La teoria base del M5S è molto chiara, ovvero zero alleanze e avanti per la loro strada, ma non avendo preso il 10% ma bensì il 25% le cose cambiano notevolmente.
Bisognerà capire l' offerta del centrosinistra al M5S, bisognerà capire se ci sarà poi un governissimo e poi bisognerà capire se il M5S ambirà a diventare una forza politica di innovazione a tutti i costi o gradualmente.

Io sono dell' idea che sia molto riduttivo e semplicistico ridurre il Movimento a Grillo senza capire cosa sia accaduto in questi anni in Italia.


----------



## Livestrong (2 Marzo 2013)

Il movimento, parere mio eh, non fosse stato gestito come è stato gestito da grillo si sarebbe già sfasciato, basta vedere quello che è successo al popolo viola


----------



## runner (2 Marzo 2013)

Livestrong ha scritto:


> Il movimento, parere mio eh, non fosse stato gestito come è stato gestito da grillo si sarebbe già sfasciato, basta vedere quello che è successo al popolo viola



certamente ma adesso il M5S si deve esprimere e portare tutta la sua carica per cambiare da dentro la politica.....

il fatto di criticare Grillo in maniera faziosa tacciandolo di despota del M5S non è altro che la semplice gestione di chi ha dato l' anima per il M5S e in maniera smaliziata ha voluto farli entrare in parlamento.....adesso sta a loro ma a me sembrano onesti almeno dalle prime interviste, poi vedremo!!

p.s. comunque Live te devi essere un tipo bello sgamato (come si dice dalle mie parti) nella tua vita reale devi essere un tipo sveglio!!
complimenti!!


----------



## Hammer (2 Marzo 2013)

Livestrong ha scritto:


> Il movimento, parere mio eh, non fosse stato gestito come è stato gestito da grillo si sarebbe già sfasciato, basta vedere quello che è successo al popolo viola



.


----------



## Blu71 (7 Marzo 2013)

Grillo: 'Se falliamo, violenza e rabbia nelle strade'
'I Media pagati da partiti per s.......rci. Ora vogliamo il 100% del Parlamento, non il 30%'


Ansa


----------



## The Ripper (7 Marzo 2013)

Sarei del M5S se non ci fosse lui. Mi meraviglio dei tanti giovani che lo sostengono, ma evidentemente ha ragione Capovilla quando dice "Abbiamo perso la memoria del XX secolo, Comunque sia abbiamo perso".

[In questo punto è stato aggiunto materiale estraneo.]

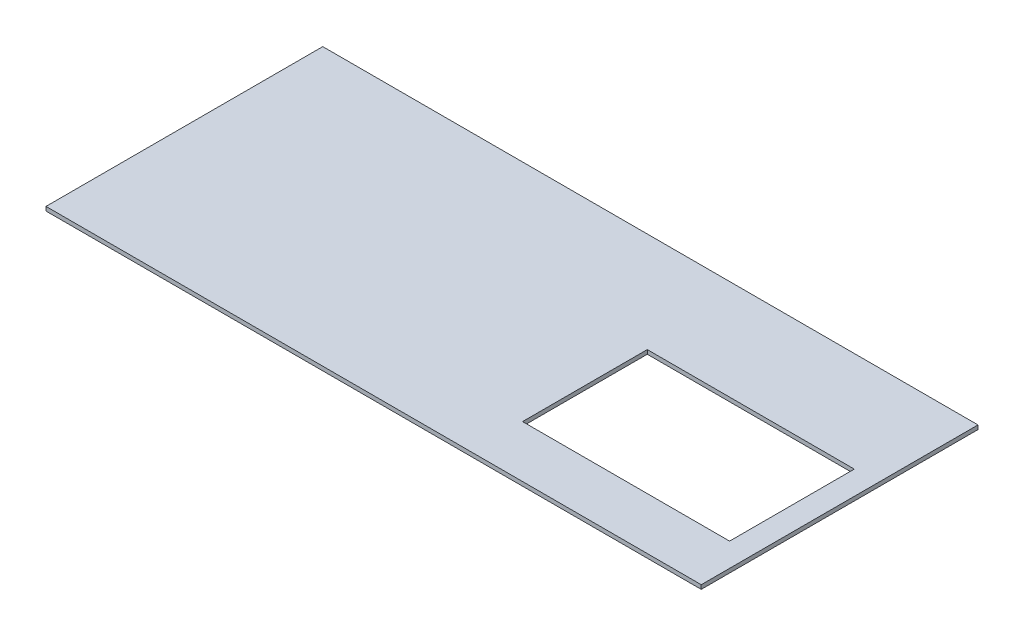
SolidWorks part; units mm, degrees
ref_plane "Front Plane" through (0, 0, 0) normal (0, 0, 1) x (1, 0, 0)
ref_plane "Top Plane" through (0, 0, 0) normal (0, 1, 0) x (1, 0, 0)
ref_plane "Right Plane" through (0, 0, 0) normal (1, 0, 0) x (0, 0, -1)
sketch "Sketch1" plane through (0, 0, 0) normal (0, 1, 0) x (1, 0, 0)
  line L0 (-255.5875, -107.95) -> (255.5875, -107.95)
  line L1 (-255.5875, -107.95) -> (-255.5875, 107.95)
  line L2 (255.5875, -107.95) -> (255.5875, 107.95)
  line L3 (-255.5875, 107.95) -> (255.5875, 107.95)
  line L4 (-255.5875, -107.95) -> (255.5875, 107.95) construction
  line L5 (255.5875, -107.95) -> (-255.5875, 107.95) construction
  point P1 (0, 0)
  dimension "D1" = 511.175
  dimension "D2" = 215.9
extrude "Boss-Extrude1" add sketch "Sketch1" along normal blind 3.175
sketch "Sketch3" plane through (0, 3.175, 0) normal (0, 1, 0) x (1, 0, 0)
  line L0 (75.6875, -67.45) -> (237.1875, -67.45)
  line L1 (75.6875, -67.45) -> (75.6875, 29.85)
  line L2 (237.1875, -67.45) -> (237.1875, 29.85)
  line L3 (75.6875, 29.85) -> (237.1875, 29.85)
  line L4 (-255.5875, -107.95) -> (255.5875, -107.95) construction
  line L6 (255.5875, -107.95) -> (255.5875, 107.95) construction
  line L7 (-255.5875, 107.95) -> (-255.5875, -107.95) construction
  line L8 (255.5875, 107.95) -> (-255.5875, 107.95) construction
  dimension "D1" = 161.5
  dimension "D2" = 97.3
  dimension "D3" = 40.5
  dimension "D4" = 18.4
  dimension "D5" = 331.275
  dimension "D6" = 78.1
extrude "Cut-Extrude1" cut sketch "Sketch3" against normal through all

"Nella gola del serpente fa un buio peeeestoooo, scommetto che è per questo che non vediamo niente".


----------



## admin (7 Marzo 2013)

Blu71 ha scritto:


> Grillo: 'Se falliamo, violenza e rabbia nelle strade'
> 'I Media pagati da partiti per s.......rci. Ora vogliamo il 100% del Parlamento, non il 30%'
> 
> 
> Ansa



Lo rinchiudessero


----------



## er piscio de gatto (7 Marzo 2013)

E' ridicolo e pericoloso


----------



## smallball (7 Marzo 2013)

Blu71 ha scritto:


> Grillo: 'Se falliamo, violenza e rabbia nelle strade'
> 'I Media pagati da partiti per s.......rci. Ora vogliamo il 100% del Parlamento, non il 30%'
> 
> 
> Ansa



dichiarazione assurda...non sono parole e concetti nemmeno da pensare


----------



## jaws (7 Marzo 2013)

Blu71 ha scritto:


> Grillo: 'Se falliamo, violenza e rabbia nelle strade'
> 'I Media pagati da partiti per s.......rci. Ora vogliamo il 100% del Parlamento, non il 30%'
> 
> 
> Ansa



Io più che altro direi, 

Ansia


----------



## Doctore (7 Marzo 2013)

Blu71 ha scritto:


> Grillo: 'Se falliamo, violenza e rabbia nelle strade'
> 'I Media pagati da partiti per s.......rci. Ora vogliamo il 100% del Parlamento, non il 30%'
> 
> 
> Ansa


i soliti mass media che mistificano le parole


----------



## Stanis La Rochelle (7 Marzo 2013)

Scusate, ma i miei 2 post dove riportavo le parole del giornalista inglese che fine ha fatto? No per sapere


----------



## Super_Lollo (7 Marzo 2013)

La cosa più bella è che non le ha mai dette quelle cose hahsha ...


----------



## Stanis La Rochelle (7 Marzo 2013)

Super_Lollo ha scritto:


> La cosa più bella è che non le ha mai dette quelle cose hahsha ...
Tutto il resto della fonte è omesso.